▶ _What this task involves_: Your response should contain only the lines running from the top of the data below through the line with "line L4 (1000, 32) -> (1000, 0) projected", both included. Pictures must be omitted.

▶ _Data for processing_:
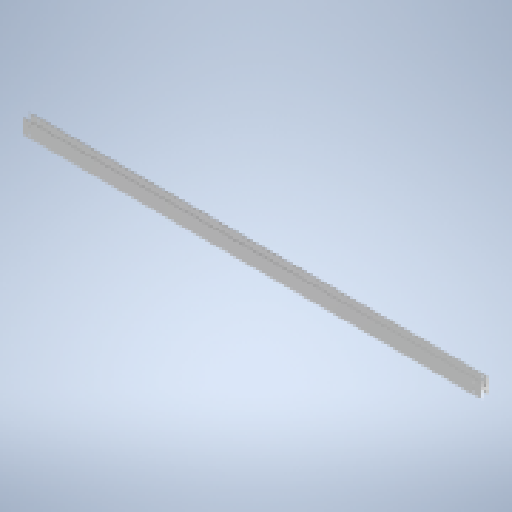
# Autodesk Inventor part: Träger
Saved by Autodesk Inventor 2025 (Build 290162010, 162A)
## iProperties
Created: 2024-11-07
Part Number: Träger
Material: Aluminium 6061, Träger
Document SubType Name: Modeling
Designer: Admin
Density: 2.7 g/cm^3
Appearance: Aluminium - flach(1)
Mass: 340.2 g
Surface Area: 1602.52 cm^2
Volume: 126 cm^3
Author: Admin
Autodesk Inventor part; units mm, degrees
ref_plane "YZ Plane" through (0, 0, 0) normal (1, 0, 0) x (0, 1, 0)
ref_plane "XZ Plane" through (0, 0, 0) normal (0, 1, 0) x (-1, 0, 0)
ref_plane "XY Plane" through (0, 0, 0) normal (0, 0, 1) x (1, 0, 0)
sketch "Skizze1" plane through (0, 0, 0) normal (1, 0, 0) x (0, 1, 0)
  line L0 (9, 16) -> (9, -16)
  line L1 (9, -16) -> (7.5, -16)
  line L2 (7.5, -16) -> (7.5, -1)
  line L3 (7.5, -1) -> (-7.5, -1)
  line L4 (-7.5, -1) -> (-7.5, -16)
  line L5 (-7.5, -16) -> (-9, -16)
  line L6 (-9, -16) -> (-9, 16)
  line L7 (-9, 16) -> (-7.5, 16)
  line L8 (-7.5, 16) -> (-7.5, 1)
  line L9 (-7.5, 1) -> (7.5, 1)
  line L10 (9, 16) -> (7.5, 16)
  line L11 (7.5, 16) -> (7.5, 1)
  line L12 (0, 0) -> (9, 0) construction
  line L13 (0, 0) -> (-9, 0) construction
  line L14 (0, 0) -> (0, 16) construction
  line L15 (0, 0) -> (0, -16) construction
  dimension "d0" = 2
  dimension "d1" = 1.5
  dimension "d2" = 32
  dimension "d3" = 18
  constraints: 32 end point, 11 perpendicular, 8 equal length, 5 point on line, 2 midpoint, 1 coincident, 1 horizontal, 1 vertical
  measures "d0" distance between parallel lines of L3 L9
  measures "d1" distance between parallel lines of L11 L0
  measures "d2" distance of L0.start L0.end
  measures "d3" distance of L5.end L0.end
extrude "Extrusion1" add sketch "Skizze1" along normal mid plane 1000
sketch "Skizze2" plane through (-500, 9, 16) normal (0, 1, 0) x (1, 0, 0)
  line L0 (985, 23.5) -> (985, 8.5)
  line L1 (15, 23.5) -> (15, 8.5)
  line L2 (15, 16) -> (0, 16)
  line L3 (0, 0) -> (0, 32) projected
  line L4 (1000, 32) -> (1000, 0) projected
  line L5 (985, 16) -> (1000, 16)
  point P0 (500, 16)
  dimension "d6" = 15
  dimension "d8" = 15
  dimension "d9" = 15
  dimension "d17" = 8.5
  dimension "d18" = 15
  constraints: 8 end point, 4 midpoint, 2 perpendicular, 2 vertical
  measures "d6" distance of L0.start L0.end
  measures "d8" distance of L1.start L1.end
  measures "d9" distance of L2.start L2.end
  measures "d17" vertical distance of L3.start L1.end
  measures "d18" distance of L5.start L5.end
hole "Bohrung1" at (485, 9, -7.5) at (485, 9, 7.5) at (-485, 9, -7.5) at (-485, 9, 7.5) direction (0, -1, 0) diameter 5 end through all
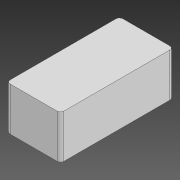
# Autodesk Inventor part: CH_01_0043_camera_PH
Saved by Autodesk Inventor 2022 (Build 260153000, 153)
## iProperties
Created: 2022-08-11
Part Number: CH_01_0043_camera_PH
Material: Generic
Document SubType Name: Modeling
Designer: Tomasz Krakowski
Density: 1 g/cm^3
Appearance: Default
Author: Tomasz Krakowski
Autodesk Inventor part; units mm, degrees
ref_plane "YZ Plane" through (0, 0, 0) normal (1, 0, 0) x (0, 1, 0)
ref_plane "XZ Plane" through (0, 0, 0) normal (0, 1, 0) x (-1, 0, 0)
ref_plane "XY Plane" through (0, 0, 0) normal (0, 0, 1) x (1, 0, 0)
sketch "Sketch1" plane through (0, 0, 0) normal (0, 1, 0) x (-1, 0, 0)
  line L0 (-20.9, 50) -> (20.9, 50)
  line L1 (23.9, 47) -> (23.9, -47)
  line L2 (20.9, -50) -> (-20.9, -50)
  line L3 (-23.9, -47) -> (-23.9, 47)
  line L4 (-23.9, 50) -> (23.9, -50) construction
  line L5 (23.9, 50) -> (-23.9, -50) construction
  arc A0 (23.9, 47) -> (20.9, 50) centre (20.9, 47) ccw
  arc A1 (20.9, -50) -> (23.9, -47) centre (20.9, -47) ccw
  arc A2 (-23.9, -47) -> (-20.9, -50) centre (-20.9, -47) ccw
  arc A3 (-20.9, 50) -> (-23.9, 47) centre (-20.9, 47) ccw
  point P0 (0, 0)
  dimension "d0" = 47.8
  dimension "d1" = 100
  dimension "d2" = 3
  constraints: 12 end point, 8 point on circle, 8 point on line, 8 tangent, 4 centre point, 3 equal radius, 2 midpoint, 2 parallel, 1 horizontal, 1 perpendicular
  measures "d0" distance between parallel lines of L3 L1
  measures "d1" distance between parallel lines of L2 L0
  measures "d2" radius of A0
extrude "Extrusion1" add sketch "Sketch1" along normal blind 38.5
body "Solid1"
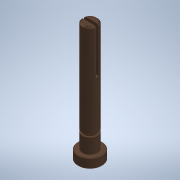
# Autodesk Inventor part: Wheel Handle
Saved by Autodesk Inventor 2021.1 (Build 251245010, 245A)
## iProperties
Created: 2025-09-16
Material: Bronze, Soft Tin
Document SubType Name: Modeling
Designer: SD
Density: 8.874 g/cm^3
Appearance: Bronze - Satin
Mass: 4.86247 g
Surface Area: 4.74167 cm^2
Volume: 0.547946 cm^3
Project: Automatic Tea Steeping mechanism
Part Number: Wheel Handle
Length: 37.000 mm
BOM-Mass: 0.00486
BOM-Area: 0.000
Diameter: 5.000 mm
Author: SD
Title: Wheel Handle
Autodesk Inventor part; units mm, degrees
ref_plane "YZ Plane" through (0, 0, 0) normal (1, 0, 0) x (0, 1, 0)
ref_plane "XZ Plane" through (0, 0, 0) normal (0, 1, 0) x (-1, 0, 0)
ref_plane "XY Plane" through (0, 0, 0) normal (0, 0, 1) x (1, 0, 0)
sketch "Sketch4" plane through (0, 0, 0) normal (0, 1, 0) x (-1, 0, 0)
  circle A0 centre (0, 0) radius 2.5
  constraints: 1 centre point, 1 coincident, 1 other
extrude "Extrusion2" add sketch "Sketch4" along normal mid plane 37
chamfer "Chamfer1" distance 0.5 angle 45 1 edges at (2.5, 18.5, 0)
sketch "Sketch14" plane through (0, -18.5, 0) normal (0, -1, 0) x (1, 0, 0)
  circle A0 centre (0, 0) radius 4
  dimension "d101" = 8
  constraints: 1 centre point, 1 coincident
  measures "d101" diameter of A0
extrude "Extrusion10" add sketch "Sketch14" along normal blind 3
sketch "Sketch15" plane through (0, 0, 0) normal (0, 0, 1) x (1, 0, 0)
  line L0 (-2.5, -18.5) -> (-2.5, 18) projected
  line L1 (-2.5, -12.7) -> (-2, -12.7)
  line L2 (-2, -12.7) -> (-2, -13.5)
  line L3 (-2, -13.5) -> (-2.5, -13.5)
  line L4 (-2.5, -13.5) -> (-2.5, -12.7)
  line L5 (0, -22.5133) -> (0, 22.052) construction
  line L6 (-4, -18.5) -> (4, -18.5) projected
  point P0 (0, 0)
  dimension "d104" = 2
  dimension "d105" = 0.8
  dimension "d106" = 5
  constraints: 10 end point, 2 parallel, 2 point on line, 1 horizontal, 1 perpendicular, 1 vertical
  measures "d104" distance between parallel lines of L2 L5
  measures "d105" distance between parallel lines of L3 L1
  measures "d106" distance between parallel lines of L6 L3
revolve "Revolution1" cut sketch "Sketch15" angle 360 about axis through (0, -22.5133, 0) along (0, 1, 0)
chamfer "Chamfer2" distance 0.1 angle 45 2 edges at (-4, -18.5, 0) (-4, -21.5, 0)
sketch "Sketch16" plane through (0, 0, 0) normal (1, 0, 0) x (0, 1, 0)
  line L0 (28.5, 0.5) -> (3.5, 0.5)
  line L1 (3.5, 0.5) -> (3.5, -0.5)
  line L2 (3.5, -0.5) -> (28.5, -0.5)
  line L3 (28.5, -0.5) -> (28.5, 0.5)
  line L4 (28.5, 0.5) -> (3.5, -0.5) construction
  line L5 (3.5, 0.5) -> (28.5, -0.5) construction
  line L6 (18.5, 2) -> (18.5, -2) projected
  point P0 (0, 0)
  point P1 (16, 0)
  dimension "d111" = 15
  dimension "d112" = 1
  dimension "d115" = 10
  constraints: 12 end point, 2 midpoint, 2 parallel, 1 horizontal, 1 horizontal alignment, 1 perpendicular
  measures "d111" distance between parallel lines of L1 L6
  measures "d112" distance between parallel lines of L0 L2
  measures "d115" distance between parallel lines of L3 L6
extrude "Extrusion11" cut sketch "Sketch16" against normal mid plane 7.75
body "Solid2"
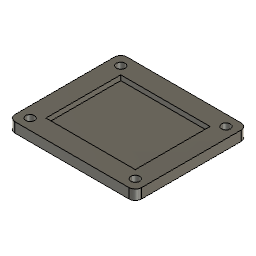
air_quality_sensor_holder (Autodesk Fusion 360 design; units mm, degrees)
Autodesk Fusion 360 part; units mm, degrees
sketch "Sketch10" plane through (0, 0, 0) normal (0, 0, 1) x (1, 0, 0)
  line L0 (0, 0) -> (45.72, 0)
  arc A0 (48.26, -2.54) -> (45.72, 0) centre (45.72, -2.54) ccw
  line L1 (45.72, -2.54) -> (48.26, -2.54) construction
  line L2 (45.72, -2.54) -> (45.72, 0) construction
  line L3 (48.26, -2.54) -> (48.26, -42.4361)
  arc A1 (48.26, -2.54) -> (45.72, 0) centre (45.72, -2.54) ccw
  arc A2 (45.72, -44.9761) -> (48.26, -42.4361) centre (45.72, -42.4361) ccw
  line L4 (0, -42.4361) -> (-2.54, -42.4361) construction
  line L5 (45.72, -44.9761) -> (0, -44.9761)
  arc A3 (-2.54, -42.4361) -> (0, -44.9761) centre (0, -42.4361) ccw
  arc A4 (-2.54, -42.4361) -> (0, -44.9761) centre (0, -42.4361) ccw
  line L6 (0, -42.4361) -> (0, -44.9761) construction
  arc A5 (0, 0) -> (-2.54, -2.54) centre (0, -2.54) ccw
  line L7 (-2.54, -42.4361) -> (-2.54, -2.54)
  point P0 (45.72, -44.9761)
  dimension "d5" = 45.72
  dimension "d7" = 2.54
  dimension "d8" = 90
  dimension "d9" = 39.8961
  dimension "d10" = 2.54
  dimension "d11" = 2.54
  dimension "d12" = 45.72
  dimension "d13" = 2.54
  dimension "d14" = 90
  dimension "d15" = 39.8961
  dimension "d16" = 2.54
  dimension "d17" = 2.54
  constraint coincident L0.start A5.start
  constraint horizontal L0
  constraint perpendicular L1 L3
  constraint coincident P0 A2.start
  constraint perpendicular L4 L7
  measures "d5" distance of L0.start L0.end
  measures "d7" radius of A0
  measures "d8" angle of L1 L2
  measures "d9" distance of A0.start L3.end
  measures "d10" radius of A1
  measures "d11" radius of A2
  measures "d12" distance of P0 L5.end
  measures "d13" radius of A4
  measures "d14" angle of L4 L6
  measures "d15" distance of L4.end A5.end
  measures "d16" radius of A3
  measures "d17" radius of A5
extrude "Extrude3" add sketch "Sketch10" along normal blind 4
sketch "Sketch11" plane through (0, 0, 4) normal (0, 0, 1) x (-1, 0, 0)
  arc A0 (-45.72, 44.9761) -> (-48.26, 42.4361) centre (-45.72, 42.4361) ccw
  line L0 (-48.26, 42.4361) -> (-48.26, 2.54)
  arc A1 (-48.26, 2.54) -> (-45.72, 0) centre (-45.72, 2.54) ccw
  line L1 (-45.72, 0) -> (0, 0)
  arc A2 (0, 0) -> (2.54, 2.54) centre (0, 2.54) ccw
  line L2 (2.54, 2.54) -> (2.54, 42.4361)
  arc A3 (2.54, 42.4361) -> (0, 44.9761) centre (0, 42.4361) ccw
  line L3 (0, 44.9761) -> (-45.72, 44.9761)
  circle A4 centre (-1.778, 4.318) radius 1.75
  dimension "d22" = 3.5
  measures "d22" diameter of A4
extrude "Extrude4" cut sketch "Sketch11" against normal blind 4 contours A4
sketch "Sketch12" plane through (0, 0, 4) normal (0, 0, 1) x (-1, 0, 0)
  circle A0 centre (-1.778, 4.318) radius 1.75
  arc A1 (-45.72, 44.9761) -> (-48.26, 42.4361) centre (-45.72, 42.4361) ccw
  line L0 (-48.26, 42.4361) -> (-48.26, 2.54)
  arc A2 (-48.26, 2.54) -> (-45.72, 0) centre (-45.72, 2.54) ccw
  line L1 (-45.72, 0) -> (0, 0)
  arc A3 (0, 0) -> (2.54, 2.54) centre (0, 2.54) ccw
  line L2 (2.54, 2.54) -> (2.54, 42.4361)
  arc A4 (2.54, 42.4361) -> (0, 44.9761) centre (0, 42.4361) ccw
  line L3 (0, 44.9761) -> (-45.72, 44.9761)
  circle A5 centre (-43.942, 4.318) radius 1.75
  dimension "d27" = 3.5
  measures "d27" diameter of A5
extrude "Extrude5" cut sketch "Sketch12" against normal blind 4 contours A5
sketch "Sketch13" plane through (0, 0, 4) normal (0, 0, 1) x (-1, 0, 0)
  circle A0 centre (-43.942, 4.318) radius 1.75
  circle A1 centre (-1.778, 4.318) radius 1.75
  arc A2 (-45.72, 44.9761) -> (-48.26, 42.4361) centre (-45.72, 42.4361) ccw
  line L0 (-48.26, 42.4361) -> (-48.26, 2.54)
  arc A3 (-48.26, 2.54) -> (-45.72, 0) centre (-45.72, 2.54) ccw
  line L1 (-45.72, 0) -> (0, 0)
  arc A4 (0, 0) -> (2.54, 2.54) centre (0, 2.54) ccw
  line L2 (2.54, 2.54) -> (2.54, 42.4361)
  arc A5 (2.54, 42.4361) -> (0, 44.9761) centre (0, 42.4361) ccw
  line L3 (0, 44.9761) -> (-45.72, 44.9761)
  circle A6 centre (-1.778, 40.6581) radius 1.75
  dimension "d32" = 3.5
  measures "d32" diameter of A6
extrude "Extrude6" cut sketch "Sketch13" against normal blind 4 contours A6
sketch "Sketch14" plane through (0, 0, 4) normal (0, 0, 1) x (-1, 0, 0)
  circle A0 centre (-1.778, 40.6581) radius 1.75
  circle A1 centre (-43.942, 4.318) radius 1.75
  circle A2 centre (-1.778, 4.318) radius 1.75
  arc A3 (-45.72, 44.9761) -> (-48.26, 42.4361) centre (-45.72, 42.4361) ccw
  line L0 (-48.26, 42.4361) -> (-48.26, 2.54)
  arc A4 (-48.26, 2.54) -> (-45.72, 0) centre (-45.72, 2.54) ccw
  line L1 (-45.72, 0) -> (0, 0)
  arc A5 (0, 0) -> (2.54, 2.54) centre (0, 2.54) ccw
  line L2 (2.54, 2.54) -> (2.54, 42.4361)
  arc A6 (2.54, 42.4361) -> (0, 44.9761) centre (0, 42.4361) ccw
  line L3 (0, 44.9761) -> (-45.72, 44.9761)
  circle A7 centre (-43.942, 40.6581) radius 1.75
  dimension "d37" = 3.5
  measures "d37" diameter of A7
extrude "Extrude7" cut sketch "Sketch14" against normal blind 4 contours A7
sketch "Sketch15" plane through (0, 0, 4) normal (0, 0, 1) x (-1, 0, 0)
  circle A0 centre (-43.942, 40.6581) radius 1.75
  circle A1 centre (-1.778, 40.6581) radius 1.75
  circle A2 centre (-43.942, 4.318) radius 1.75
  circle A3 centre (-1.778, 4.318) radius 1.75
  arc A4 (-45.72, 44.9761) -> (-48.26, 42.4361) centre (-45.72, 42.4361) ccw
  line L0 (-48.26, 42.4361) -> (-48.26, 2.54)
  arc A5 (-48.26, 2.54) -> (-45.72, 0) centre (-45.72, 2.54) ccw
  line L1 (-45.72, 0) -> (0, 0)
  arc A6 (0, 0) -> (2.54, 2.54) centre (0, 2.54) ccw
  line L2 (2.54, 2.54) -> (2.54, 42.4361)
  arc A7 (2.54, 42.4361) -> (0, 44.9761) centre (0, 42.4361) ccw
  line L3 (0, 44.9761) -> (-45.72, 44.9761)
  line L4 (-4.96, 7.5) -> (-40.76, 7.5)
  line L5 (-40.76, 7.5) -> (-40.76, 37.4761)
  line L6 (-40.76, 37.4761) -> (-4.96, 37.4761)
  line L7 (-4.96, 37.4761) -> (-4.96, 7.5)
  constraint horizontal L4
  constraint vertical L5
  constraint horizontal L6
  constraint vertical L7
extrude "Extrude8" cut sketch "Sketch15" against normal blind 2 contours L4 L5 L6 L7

▶ _Response box_:
# Autodesk Inventor part: Träger
Saved by Autodesk Inventor 2025 (Build 290162010, 162A)
## iProperties
Created: 2024-11-07
Part Number: Träger
Material: Aluminium 6061, Träger
Document SubType Name: Modeling
Designer: Admin
Density: 2.7 g/cm^3
Appearance: Aluminium - flach(1)
Mass: 340.2 g
Surface Area: 1602.52 cm^2
Volume: 126 cm^3
Author: Admin
Autodesk Inventor part; units mm, degrees
ref_plane "YZ Plane" through (0, 0, 0) normal (1, 0, 0) x (0, 1, 0)
ref_plane "XZ Plane" through (0, 0, 0) normal (0, 1, 0) x (-1, 0, 0)
ref_plane "XY Plane" through (0, 0, 0) normal (0, 0, 1) x (1, 0, 0)
sketch "Skizze1" plane through (0, 0, 0) normal (1, 0, 0) x (0, 1, 0)
  line L0 (9, 16) -> (9, -16)
  line L1 (9, -16) -> (7.5, -16)
  line L2 (7.5, -16) -> (7.5, -1)
  line L3 (7.5, -1) -> (-7.5, -1)
  line L4 (-7.5, -1) -> (-7.5, -16)
  line L5 (-7.5, -16) -> (-9, -16)
  line L6 (-9, -16) -> (-9, 16)
  line L7 (-9, 16) -> (-7.5, 16)
  line L8 (-7.5, 16) -> (-7.5, 1)
  line L9 (-7.5, 1) -> (7.5, 1)
  line L10 (9, 16) -> (7.5, 16)
  line L11 (7.5, 16) -> (7.5, 1)
  line L12 (0, 0) -> (9, 0) construction
  line L13 (0, 0) -> (-9, 0) construction
  line L14 (0, 0) -> (0, 16) construction
  line L15 (0, 0) -> (0, -16) construction
  dimension "d0" = 2
  dimension "d1" = 1.5
  dimension "d2" = 32
  dimension "d3" = 18
  constraints: 32 end point, 11 perpendicular, 8 equal length, 5 point on line, 2 midpoint, 1 coincident, 1 horizontal, 1 vertical
  measures "d0" distance between parallel lines of L3 L9
  measures "d1" distance between parallel lines of L11 L0
  measures "d2" distance of L0.start L0.end
  measures "d3" distance of L5.end L0.end
extrude "Extrusion1" add sketch "Skizze1" along normal mid plane 1000
sketch "Skizze2" plane through (-500, 9, 16) normal (0, 1, 0) x (1, 0, 0)
  line L0 (985, 23.5) -> (985, 8.5)
  line L1 (15, 23.5) -> (15, 8.5)
  line L2 (15, 16) -> (0, 16)
  line L3 (0, 0) -> (0, 32) projected
  line L4 (1000, 32) -> (1000, 0) projected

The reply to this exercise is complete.